Что сегодня думаю о Гестапо? Рядовая организация, но дураки там не держались.
— Главное: они туда не попадали. Убивали в Гестапо? Убивали! Сегодня в рядовом отделении вашей милиции могут убить проще и скорее, чем в Гестапо времён войны.
— А что делать? Пьяная сволочь из "своих", изрыгающая хулу на милицию, не должна рассчитываться за хамство рёбрами?
— Пустое и бесполезное занятие: бить пьяных дураков. Они даже не осознают, что они дураки, психика у них "сдвинута". И те, кто бьёт "сдвинутых" — не лучше. Картина "двойного заболевания".
— Как это понимать: "двойное заболевание"?
— Просто: пьяная скотина изрыгает хулу на защитников порядка? Изрыгает! А это болезнь. Когда получает от работника "сдачу" — и это заболевание. Что в итоге?
— Ничего! Взаимное удовлетворение.
— В "воспитательных целях" хулителям отбивают бока, а в итоге все довольны…
Глава 94.
Городской сквер зимой 43 года.
Прогулку в зиму сорок третьего мне хочется закончить грустно и с последствиями: как-то вырвавшись из домашнего заключения, а это было солнечным утром, радуясь жизни и, естественно, не задумываясь, я двинулся в город. Улица, по которой меня несли ноги, была с уклоном в город, поэтому процесс несения тела собственными ногами был лёгким и свободным. На ногах были валенки сестры. Она сидела дома потому, что курс обучения грамоте в школе закончился, и валенки на тот момент ей были не нужны. За одно проводились "ходовые испытания" нового зимнего пальто из немецкого шинельного сукна, но на русской вате.

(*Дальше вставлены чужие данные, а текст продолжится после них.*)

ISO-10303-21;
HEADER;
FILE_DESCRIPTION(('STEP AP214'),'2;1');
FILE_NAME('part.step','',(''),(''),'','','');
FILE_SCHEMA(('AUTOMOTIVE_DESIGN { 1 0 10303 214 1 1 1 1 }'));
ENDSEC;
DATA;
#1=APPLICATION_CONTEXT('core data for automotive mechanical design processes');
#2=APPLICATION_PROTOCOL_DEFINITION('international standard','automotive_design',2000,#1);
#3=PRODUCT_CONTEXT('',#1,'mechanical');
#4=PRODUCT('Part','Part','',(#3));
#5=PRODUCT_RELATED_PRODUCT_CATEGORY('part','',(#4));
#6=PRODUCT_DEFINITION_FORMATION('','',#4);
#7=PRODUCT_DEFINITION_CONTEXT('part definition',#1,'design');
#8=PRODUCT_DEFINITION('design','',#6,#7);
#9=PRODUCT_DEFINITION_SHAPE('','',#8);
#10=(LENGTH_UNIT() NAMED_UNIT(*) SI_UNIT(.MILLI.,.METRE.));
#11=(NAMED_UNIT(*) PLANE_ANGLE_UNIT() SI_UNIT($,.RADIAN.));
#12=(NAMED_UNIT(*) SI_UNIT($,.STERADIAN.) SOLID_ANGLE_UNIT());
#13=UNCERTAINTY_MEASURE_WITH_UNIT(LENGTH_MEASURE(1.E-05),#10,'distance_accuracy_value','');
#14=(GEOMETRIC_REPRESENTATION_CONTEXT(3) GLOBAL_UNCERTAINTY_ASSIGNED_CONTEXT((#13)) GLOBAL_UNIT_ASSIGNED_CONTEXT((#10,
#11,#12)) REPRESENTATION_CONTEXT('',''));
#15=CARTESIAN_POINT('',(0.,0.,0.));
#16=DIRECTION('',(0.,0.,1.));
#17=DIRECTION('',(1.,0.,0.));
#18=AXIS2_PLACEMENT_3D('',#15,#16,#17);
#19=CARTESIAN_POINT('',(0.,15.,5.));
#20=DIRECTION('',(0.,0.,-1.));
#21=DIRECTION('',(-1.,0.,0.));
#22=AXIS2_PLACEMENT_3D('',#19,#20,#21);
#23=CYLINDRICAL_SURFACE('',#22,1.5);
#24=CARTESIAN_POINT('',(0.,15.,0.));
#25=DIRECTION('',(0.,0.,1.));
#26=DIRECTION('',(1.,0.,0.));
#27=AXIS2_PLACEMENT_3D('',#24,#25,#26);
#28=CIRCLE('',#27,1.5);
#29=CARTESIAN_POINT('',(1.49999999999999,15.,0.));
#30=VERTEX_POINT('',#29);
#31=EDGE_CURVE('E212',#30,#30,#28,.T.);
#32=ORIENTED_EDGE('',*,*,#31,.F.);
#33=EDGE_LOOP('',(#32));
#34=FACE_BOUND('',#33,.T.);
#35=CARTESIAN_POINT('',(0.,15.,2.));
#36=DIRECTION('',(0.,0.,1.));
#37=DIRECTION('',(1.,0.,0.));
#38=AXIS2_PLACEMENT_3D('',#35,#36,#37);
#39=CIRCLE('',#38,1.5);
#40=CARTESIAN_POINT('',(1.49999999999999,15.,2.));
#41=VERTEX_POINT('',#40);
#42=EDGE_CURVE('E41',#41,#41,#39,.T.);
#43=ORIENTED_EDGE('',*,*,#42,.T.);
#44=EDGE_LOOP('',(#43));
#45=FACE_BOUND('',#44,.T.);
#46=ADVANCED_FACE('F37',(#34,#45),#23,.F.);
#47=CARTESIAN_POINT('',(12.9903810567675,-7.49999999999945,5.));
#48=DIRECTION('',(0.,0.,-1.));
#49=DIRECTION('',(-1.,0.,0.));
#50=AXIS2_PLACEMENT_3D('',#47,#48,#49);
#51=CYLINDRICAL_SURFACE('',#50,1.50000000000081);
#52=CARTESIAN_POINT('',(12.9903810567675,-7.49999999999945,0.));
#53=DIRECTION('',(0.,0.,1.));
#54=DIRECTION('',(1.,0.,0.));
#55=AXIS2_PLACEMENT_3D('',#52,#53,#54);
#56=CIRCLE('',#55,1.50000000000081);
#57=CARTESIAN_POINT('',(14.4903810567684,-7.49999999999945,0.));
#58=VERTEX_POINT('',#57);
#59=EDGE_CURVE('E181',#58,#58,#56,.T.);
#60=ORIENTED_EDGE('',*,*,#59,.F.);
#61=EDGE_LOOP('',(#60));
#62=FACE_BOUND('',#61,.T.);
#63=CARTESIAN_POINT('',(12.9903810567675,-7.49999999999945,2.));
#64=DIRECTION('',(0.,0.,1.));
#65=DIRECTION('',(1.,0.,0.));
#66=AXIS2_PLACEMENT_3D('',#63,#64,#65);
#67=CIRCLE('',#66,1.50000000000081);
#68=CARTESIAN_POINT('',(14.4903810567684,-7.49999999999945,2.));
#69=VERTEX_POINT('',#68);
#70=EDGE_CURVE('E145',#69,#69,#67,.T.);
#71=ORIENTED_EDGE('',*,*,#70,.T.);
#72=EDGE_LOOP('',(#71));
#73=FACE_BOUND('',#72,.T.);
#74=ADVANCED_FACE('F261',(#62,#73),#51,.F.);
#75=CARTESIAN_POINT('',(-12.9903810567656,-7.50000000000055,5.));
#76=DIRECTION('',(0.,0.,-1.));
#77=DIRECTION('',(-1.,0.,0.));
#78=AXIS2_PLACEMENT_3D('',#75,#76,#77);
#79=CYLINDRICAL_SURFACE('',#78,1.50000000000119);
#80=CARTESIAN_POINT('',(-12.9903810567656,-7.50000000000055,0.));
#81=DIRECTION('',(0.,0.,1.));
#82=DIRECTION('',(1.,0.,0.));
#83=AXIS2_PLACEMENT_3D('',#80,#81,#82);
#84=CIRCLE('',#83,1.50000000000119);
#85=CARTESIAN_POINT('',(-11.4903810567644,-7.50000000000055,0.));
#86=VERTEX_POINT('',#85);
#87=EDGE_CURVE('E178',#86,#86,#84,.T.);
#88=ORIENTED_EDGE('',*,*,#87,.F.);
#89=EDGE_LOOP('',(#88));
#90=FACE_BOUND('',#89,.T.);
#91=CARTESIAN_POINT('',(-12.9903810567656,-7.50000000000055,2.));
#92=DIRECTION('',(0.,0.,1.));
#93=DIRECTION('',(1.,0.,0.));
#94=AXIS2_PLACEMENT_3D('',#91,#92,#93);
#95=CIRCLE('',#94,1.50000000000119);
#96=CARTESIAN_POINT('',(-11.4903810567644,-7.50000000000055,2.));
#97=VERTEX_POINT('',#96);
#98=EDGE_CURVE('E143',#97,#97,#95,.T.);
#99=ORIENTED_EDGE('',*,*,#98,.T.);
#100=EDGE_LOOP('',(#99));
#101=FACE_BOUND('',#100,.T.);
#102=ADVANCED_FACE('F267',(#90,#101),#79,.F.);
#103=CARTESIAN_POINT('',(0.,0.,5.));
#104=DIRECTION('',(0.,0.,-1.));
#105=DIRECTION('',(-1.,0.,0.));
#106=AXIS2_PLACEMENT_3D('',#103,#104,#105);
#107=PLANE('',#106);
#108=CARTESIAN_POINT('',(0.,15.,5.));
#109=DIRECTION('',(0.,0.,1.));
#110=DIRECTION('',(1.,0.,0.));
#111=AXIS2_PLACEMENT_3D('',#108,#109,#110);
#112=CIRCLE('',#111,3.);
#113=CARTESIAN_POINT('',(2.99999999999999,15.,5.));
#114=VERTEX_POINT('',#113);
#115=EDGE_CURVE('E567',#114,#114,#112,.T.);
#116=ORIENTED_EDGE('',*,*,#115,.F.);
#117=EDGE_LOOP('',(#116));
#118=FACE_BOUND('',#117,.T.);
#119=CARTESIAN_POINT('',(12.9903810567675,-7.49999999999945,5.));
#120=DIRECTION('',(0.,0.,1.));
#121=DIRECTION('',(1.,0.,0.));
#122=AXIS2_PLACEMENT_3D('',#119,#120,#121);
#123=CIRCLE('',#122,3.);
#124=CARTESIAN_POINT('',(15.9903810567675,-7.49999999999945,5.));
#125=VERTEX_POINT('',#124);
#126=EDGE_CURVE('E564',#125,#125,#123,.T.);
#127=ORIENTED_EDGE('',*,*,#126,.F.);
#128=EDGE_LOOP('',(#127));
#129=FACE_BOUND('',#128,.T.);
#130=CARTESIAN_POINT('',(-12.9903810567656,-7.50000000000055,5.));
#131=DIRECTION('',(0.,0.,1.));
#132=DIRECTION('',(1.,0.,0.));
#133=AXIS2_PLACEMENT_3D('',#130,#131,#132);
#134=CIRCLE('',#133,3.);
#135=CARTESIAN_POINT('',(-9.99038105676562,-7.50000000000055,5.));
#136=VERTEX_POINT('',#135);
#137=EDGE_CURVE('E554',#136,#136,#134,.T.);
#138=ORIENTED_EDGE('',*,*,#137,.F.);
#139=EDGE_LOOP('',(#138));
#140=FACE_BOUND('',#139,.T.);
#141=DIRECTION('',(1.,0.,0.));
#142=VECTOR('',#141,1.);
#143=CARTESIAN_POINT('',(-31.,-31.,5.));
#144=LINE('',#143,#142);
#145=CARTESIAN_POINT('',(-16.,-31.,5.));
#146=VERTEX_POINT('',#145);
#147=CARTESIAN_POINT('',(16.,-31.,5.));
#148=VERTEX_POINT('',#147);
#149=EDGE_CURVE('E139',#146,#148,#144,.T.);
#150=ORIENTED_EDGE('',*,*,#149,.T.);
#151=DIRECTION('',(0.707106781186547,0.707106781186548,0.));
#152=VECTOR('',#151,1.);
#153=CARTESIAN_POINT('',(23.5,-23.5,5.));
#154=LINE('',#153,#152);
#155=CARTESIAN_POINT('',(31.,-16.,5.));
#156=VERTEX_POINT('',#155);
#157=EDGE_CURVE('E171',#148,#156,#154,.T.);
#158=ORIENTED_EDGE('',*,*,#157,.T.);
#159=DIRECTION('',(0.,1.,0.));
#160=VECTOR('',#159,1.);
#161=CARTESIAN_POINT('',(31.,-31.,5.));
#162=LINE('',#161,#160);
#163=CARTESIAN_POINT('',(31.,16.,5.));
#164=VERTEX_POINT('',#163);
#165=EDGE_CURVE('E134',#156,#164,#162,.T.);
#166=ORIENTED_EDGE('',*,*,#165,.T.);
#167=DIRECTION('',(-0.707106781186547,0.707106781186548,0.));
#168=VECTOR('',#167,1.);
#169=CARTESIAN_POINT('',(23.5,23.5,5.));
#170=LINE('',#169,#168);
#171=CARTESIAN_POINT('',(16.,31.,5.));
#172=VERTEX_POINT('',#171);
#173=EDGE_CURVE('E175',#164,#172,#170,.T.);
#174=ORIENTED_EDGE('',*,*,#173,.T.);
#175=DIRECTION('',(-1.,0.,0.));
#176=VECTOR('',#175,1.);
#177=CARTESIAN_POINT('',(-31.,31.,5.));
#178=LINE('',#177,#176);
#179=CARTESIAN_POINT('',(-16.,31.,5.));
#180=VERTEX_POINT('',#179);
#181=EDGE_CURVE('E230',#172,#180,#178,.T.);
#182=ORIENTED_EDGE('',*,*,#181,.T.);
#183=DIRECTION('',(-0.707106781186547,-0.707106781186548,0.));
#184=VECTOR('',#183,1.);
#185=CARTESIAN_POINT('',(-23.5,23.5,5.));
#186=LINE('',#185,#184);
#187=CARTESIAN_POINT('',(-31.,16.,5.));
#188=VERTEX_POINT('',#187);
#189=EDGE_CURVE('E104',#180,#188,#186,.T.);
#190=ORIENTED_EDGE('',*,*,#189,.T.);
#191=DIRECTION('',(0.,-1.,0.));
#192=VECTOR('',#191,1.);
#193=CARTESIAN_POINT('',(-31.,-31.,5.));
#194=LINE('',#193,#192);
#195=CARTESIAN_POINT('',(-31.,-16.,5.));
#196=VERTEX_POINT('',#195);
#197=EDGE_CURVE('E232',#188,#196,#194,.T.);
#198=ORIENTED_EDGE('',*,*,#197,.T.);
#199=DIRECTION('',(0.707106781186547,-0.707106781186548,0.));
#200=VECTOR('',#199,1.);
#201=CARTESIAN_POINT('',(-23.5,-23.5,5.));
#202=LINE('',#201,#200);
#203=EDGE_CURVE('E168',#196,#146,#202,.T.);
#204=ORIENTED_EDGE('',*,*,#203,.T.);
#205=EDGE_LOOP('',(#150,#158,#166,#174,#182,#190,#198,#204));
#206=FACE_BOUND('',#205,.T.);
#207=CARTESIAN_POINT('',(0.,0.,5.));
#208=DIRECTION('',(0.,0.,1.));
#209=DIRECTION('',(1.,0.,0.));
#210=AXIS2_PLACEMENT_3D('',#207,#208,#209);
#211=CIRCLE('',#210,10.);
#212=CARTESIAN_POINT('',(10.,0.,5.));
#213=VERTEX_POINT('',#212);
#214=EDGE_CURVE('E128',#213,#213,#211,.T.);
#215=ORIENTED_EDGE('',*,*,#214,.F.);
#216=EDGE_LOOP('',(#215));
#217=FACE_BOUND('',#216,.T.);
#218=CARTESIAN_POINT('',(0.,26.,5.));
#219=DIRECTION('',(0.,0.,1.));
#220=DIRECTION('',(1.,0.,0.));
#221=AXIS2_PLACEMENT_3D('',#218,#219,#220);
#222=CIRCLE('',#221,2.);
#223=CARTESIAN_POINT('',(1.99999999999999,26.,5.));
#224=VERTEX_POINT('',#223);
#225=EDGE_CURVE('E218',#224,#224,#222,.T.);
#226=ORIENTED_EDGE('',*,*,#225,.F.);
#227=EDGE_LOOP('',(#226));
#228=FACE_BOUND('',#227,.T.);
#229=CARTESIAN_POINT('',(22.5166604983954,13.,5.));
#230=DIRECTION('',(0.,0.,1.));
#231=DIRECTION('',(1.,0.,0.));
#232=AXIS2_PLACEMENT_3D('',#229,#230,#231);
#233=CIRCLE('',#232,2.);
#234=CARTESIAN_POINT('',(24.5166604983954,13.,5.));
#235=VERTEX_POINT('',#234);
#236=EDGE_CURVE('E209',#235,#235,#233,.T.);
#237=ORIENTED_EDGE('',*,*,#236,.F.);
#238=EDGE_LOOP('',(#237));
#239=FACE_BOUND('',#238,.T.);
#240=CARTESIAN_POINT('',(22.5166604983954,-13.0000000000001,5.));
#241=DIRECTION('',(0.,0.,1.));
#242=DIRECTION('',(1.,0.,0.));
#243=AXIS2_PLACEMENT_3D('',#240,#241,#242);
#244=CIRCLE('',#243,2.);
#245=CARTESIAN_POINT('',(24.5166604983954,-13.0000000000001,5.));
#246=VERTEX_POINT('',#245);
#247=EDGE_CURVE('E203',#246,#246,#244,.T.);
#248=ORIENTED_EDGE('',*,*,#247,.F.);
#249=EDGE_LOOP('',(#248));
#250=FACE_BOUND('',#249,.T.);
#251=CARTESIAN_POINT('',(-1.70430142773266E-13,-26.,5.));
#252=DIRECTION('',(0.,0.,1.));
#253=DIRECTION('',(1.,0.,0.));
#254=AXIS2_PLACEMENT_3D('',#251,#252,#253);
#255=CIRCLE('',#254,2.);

Да простит меня читатель, если таковой найдётся, но гимн пальто, у которого "верх" был из серовато-зелёного сукна от немецкой солдатской шинели, а всё остальное — советское — пропою! Если где-то и повторюсь в славословии простому, но необходимому предмету гардероба, то такое совершу по причине неумения излагать мысли. В написании гимна пальто за помощью к бесу обращаться не буду.
Как могла попасть немецкая солдатская шинель с дыркой от пули к оккупированным "советским" гражданам? Её украли? Сняли с убитого? Мародёрство? Или живые оккупанты от неё избавились потому, что она не защитила владельца, и никто другой уже не хотел ею пользоваться по мистическим причинам? Не знали, что шинель с дыркой от пули приобрела волшебные свойства? Почему среди оккупантов не нашлось ни единого, кто знал бы, что две пули в одну шинель никогда не влетают? И если враги избавились от шинели сознательно, то как? Отдали за "данке шёен? Продали? Пропили? И если пропили, то, за какое количество бутылок самогона русского изготовления? И какого качества был самогон? "Первач"? "Свекольничек"?
Вопросы, вопросы…настойчиво и мощно откуда-то приходят, и никто не ограждает от них… Даже бес временами бывает бессилен.
Ещё одно достоинство пальто, кроме прямого назначения согревать моё тщедушное тело, заключалось в том, что ни у меня, ни у родителей никто не спрашивал:
— А где это вы таким сукнецом разжились!?
Быстро добрался до центра города: катиться под гору всегда легко. Улица входила к центру города.
В центе — скверик, он и сегодня на том месте. И на подходе в сквер я увидел страшную картину: на деревьях висели люди!!!
Вот оно, начало того, о чём со страхом говорили обитатели монастыря в начале войны: немцы приступили к делу, на выполнение которого и пришли в город! Начали вешать с центра, а как скоро доберутся до монастыря — об этом думать не мог. Нечем было думать, на месте "думалки" был страх с каплями утешения: "если начали с центра, то до монастыря не скоро доберутся, между сквером и монастырём длинная улица с домами! До нас им нужно будет перевешать жителей целой улицы! Не завтра меня повесят, время есть"!
Это были первые и последние повешенные, которых я видел.